Resenha - Diário do Subsolo

Recomendaria esse livro? Depende muito. A leitura de clássicos, na maioria das vezes, exige atenção e repertório por parte de quem está lendo — e este livro é um exemplo vívido dessa condição inexorável de grande parte dos clássicos da literatura. Sobretudo, quando se carece de referências, "Diário do Subsolo" pode facilmente tornar-se uma leitura desagradável se o leitor não conhecer o contexto em que a obra foi produzida. Confesso que logo que comecei a ler quis desistir devido ao meu parco conhecimento do propósito do autor com a obra.
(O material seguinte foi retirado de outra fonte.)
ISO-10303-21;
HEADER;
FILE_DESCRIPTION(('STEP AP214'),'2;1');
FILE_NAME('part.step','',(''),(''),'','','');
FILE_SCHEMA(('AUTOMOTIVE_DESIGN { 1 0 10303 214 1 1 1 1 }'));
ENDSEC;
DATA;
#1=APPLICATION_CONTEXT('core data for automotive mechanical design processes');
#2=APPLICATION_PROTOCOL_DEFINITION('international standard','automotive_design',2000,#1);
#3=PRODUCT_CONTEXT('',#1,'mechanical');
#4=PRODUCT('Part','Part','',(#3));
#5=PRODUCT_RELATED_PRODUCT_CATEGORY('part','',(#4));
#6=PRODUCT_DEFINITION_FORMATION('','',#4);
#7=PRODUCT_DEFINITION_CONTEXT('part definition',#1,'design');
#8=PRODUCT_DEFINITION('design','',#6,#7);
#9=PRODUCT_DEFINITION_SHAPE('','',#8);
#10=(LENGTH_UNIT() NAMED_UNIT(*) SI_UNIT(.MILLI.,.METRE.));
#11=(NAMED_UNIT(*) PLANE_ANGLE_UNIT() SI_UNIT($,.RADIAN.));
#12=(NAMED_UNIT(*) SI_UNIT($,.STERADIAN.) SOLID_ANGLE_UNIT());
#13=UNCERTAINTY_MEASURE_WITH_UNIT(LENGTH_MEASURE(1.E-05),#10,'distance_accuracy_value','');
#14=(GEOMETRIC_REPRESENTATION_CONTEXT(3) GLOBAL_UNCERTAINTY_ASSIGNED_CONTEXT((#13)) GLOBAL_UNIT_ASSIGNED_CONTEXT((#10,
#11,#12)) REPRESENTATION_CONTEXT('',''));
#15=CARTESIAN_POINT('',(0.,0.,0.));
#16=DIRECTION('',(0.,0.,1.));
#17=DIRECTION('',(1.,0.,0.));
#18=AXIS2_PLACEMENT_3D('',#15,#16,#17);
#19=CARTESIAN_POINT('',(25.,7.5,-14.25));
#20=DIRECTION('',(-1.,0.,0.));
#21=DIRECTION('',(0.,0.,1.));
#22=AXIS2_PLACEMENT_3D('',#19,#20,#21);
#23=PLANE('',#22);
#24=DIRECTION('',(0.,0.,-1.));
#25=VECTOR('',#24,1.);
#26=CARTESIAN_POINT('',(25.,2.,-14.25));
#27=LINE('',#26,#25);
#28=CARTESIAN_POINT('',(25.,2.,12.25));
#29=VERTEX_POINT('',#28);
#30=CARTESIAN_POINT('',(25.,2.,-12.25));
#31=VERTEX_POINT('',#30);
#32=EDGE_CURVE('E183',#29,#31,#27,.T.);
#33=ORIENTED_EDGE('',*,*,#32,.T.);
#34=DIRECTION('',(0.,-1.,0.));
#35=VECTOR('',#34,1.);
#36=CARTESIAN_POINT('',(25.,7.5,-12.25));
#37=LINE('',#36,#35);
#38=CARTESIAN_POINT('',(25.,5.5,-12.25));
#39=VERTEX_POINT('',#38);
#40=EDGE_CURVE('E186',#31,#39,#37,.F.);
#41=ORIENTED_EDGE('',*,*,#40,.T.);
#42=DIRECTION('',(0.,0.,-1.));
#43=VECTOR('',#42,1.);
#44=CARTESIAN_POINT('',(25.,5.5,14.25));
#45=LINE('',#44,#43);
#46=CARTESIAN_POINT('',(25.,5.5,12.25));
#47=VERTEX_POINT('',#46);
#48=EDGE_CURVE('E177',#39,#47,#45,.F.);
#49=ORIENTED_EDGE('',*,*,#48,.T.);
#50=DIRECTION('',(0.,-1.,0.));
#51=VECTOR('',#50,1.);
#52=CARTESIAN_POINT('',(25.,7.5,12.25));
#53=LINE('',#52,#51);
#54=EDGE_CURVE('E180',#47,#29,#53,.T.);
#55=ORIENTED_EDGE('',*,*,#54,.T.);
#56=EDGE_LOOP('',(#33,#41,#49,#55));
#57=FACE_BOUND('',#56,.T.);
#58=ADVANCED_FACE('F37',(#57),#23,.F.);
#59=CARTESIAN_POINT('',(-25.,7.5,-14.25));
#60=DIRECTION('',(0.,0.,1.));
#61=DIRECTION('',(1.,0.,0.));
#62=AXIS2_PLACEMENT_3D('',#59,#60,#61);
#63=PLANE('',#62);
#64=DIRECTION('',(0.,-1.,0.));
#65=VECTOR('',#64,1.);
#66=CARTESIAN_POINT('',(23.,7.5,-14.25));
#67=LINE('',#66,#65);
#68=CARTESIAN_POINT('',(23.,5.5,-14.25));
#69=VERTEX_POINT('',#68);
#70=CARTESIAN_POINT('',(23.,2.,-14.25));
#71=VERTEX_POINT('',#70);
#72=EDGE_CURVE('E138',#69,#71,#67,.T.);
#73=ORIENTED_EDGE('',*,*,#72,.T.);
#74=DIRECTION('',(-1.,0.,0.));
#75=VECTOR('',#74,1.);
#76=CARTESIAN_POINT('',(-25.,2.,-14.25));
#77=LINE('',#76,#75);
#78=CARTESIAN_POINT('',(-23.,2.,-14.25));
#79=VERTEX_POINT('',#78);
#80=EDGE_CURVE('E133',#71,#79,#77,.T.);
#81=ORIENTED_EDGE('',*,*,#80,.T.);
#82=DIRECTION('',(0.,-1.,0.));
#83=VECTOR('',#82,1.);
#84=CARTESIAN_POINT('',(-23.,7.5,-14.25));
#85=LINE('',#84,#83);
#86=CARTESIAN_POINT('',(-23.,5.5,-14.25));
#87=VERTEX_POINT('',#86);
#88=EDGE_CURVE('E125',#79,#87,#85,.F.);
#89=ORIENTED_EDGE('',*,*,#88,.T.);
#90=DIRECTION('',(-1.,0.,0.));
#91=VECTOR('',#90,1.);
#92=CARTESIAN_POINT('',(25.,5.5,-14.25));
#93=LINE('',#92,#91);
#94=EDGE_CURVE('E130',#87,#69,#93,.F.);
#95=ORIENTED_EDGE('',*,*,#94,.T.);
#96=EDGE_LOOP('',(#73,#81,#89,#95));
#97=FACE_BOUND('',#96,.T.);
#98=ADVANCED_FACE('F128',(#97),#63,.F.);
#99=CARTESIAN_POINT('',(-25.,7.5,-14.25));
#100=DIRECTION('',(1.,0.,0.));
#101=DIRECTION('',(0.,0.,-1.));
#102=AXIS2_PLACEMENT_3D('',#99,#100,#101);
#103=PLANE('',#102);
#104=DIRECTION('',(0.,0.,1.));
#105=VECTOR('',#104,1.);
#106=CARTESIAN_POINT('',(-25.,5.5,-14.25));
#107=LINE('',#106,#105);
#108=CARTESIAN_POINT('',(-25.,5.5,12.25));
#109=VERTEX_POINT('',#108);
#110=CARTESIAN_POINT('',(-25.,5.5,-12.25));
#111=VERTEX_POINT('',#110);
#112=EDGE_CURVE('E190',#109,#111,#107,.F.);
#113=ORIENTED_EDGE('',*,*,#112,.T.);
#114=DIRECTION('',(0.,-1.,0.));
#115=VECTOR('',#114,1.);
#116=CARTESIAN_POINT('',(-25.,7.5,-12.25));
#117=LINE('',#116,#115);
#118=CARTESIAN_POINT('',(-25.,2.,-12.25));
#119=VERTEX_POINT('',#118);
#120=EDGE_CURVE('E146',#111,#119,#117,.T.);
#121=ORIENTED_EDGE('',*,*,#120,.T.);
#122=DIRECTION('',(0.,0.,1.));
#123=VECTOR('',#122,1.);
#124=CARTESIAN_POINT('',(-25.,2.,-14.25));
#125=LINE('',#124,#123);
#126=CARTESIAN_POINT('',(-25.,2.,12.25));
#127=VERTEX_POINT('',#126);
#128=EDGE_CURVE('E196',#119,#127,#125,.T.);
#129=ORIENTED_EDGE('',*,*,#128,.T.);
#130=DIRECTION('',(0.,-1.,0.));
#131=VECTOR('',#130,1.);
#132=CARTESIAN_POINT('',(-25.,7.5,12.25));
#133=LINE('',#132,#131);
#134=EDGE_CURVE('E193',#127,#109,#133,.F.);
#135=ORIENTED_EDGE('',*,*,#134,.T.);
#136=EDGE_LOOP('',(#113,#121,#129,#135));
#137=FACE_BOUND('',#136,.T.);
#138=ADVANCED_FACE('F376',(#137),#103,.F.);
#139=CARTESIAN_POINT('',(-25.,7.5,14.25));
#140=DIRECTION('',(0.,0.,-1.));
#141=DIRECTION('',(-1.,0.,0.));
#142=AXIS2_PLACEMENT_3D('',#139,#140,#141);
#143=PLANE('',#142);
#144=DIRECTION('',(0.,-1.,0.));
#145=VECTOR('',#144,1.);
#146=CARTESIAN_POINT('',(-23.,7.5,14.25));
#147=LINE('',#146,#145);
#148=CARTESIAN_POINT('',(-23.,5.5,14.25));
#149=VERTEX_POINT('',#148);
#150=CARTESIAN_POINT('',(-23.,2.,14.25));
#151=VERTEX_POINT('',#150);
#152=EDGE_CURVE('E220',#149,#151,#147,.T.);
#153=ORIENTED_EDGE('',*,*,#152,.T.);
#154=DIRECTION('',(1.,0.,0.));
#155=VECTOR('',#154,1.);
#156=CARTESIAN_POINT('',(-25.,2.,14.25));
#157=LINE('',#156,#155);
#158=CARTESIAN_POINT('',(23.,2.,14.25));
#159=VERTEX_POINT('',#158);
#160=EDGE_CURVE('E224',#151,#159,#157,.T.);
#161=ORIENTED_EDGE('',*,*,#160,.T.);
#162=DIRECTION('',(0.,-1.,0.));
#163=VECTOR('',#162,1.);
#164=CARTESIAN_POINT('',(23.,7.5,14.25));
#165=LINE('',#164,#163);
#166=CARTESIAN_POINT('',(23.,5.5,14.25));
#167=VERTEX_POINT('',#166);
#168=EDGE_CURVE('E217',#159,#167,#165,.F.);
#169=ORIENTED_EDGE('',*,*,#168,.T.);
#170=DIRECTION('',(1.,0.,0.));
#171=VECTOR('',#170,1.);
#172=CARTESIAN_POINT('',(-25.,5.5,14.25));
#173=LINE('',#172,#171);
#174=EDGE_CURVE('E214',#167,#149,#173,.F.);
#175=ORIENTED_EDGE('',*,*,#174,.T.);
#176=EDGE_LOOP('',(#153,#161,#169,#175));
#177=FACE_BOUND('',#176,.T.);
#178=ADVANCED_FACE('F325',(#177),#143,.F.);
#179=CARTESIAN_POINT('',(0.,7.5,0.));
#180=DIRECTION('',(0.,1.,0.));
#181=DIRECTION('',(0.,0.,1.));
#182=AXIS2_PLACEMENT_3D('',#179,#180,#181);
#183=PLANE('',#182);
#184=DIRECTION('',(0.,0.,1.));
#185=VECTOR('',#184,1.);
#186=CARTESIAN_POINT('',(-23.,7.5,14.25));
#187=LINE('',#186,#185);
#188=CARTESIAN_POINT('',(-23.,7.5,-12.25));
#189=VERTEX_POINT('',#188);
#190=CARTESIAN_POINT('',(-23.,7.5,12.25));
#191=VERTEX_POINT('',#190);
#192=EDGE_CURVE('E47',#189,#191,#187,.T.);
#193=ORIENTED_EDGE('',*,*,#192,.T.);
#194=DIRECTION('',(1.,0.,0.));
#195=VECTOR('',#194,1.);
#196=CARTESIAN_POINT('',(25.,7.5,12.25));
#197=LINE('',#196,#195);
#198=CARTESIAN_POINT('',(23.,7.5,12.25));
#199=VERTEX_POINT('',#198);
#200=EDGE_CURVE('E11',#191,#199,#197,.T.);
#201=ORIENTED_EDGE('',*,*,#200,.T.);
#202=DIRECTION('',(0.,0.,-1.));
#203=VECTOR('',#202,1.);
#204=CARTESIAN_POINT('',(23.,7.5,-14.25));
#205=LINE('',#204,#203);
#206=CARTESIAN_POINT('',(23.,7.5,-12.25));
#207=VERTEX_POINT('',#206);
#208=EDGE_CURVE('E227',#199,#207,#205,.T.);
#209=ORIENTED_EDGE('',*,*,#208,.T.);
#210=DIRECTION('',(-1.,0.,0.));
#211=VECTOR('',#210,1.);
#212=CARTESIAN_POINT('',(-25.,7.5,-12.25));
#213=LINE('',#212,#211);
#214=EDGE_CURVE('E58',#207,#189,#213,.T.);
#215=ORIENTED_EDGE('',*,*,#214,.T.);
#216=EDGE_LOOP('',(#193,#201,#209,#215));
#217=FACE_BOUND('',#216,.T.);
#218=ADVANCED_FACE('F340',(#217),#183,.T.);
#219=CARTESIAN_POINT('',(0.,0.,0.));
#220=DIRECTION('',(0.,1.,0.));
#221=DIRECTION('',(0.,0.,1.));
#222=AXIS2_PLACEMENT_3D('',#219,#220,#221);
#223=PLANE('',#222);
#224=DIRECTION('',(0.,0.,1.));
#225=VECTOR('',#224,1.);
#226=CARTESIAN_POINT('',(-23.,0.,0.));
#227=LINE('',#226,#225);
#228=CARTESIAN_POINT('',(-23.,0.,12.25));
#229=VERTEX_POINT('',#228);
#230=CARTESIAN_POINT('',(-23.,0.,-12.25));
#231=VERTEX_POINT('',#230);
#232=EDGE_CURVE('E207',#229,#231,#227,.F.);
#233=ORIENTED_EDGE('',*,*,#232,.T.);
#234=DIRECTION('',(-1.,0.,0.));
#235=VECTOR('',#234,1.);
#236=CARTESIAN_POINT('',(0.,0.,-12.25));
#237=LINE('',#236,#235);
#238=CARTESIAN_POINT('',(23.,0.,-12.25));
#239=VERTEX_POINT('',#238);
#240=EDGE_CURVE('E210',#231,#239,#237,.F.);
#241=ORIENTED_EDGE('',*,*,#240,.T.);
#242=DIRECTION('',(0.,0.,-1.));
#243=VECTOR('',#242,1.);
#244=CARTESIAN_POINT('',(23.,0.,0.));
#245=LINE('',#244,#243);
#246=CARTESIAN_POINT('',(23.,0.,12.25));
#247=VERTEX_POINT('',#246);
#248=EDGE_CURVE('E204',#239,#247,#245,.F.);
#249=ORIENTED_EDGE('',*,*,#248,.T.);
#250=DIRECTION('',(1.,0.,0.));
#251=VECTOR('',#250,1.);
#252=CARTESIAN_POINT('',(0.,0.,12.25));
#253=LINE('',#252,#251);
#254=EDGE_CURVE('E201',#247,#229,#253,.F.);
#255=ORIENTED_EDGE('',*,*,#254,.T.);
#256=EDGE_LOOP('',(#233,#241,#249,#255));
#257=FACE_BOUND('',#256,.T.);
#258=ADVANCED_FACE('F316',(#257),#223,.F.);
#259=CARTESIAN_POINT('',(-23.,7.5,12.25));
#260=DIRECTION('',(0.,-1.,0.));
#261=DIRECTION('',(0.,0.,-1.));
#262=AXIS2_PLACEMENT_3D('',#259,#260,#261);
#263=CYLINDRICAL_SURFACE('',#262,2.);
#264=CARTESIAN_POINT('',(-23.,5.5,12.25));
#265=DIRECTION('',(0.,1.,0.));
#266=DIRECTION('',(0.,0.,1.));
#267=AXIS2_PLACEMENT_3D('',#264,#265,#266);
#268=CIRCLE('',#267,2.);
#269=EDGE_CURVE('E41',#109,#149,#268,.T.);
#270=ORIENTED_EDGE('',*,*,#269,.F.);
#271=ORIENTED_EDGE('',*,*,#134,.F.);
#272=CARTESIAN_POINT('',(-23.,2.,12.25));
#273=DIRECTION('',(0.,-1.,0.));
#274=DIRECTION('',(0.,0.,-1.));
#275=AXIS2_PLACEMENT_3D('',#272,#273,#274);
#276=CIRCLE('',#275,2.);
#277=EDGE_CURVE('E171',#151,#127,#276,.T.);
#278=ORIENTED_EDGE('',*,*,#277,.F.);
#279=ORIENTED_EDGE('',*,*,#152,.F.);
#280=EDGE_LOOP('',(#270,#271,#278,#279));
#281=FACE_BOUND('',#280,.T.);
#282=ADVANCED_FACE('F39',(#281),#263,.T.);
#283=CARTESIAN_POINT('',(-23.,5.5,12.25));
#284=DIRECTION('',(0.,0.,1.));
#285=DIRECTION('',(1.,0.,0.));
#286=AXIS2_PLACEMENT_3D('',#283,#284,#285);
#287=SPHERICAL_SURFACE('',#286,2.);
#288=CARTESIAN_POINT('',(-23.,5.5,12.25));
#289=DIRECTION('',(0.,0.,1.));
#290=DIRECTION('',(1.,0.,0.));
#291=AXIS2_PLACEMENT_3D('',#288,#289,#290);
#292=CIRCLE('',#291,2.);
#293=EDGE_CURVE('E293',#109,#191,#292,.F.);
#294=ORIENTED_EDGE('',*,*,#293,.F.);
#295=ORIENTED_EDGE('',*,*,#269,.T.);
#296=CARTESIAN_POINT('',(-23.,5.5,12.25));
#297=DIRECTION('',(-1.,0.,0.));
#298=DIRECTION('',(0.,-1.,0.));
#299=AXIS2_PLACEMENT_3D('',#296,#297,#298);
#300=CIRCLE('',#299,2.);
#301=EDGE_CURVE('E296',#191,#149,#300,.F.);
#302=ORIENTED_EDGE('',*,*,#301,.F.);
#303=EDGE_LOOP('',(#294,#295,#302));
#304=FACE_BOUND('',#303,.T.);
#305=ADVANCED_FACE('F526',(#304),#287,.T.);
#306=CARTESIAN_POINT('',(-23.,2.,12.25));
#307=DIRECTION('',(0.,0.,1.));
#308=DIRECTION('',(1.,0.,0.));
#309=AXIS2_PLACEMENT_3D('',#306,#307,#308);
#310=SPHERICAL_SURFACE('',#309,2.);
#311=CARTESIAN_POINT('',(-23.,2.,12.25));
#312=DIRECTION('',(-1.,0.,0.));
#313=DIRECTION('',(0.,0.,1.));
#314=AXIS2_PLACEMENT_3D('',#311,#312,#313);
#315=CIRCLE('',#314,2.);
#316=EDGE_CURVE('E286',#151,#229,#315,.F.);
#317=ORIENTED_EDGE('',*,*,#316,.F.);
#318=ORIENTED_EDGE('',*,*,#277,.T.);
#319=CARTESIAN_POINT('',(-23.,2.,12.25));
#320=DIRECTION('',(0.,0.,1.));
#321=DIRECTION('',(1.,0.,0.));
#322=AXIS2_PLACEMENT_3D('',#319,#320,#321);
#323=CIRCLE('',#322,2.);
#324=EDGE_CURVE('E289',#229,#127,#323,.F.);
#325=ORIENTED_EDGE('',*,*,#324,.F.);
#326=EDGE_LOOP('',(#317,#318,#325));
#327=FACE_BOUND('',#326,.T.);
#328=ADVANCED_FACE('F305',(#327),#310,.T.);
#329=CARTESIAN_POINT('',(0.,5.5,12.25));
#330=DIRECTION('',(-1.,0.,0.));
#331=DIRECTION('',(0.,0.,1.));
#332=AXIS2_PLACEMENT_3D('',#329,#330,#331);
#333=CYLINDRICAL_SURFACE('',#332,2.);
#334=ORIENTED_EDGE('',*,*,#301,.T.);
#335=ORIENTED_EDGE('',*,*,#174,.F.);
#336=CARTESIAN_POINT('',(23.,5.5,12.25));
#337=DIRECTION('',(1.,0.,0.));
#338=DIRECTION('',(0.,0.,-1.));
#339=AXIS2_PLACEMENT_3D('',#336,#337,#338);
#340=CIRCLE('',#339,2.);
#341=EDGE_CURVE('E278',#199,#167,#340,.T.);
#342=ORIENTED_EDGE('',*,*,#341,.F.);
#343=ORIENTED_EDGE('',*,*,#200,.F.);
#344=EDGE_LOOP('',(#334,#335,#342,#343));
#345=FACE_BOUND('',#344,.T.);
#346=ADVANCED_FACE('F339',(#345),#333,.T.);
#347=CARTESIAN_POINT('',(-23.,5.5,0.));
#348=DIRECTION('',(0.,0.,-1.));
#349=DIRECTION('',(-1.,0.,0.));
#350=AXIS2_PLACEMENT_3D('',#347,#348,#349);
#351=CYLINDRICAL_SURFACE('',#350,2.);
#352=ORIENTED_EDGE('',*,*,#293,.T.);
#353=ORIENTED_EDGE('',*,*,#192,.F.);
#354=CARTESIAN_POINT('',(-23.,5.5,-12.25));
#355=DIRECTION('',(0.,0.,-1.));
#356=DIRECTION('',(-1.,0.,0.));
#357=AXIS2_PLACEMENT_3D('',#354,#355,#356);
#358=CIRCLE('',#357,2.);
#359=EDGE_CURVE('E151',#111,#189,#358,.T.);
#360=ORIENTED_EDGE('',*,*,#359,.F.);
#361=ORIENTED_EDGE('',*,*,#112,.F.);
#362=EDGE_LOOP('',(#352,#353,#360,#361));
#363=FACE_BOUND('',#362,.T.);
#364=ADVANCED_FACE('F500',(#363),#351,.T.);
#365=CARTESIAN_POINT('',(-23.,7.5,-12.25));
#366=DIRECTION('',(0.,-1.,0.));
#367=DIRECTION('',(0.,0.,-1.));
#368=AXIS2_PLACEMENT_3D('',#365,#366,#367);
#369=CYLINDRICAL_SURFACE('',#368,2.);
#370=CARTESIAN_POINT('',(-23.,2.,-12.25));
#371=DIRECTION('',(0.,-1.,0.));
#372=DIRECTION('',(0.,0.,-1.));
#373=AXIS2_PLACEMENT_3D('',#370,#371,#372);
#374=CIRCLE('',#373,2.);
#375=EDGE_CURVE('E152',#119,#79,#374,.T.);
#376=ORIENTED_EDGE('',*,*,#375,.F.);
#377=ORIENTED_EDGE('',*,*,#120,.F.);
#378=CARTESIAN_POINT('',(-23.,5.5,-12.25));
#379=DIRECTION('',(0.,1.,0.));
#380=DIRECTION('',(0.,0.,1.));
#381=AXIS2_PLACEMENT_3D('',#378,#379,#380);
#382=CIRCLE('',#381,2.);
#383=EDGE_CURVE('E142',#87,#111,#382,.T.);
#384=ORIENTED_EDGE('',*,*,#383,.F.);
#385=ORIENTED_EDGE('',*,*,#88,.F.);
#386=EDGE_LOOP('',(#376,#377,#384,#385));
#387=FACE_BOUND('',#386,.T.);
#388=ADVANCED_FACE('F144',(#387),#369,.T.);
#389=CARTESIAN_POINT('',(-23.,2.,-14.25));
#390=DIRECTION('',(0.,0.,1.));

A primeira parte das duas que compõem o livro consiste em um ensaio filosófico chamado "O Subsolo" redigido pelo narrador popularmente conhecido como "Homem do Subsolo". Ele se apresenta como um rapaz desagradável logo
no primeiro parágrafo e ao longo da primeira
parte ele nos conta alguns dos seus aforismos
doentios e repletos de antíteses e contradições internas, evidenciando um dos seus traços mais marcantes, o de ser um narrador mentiroso.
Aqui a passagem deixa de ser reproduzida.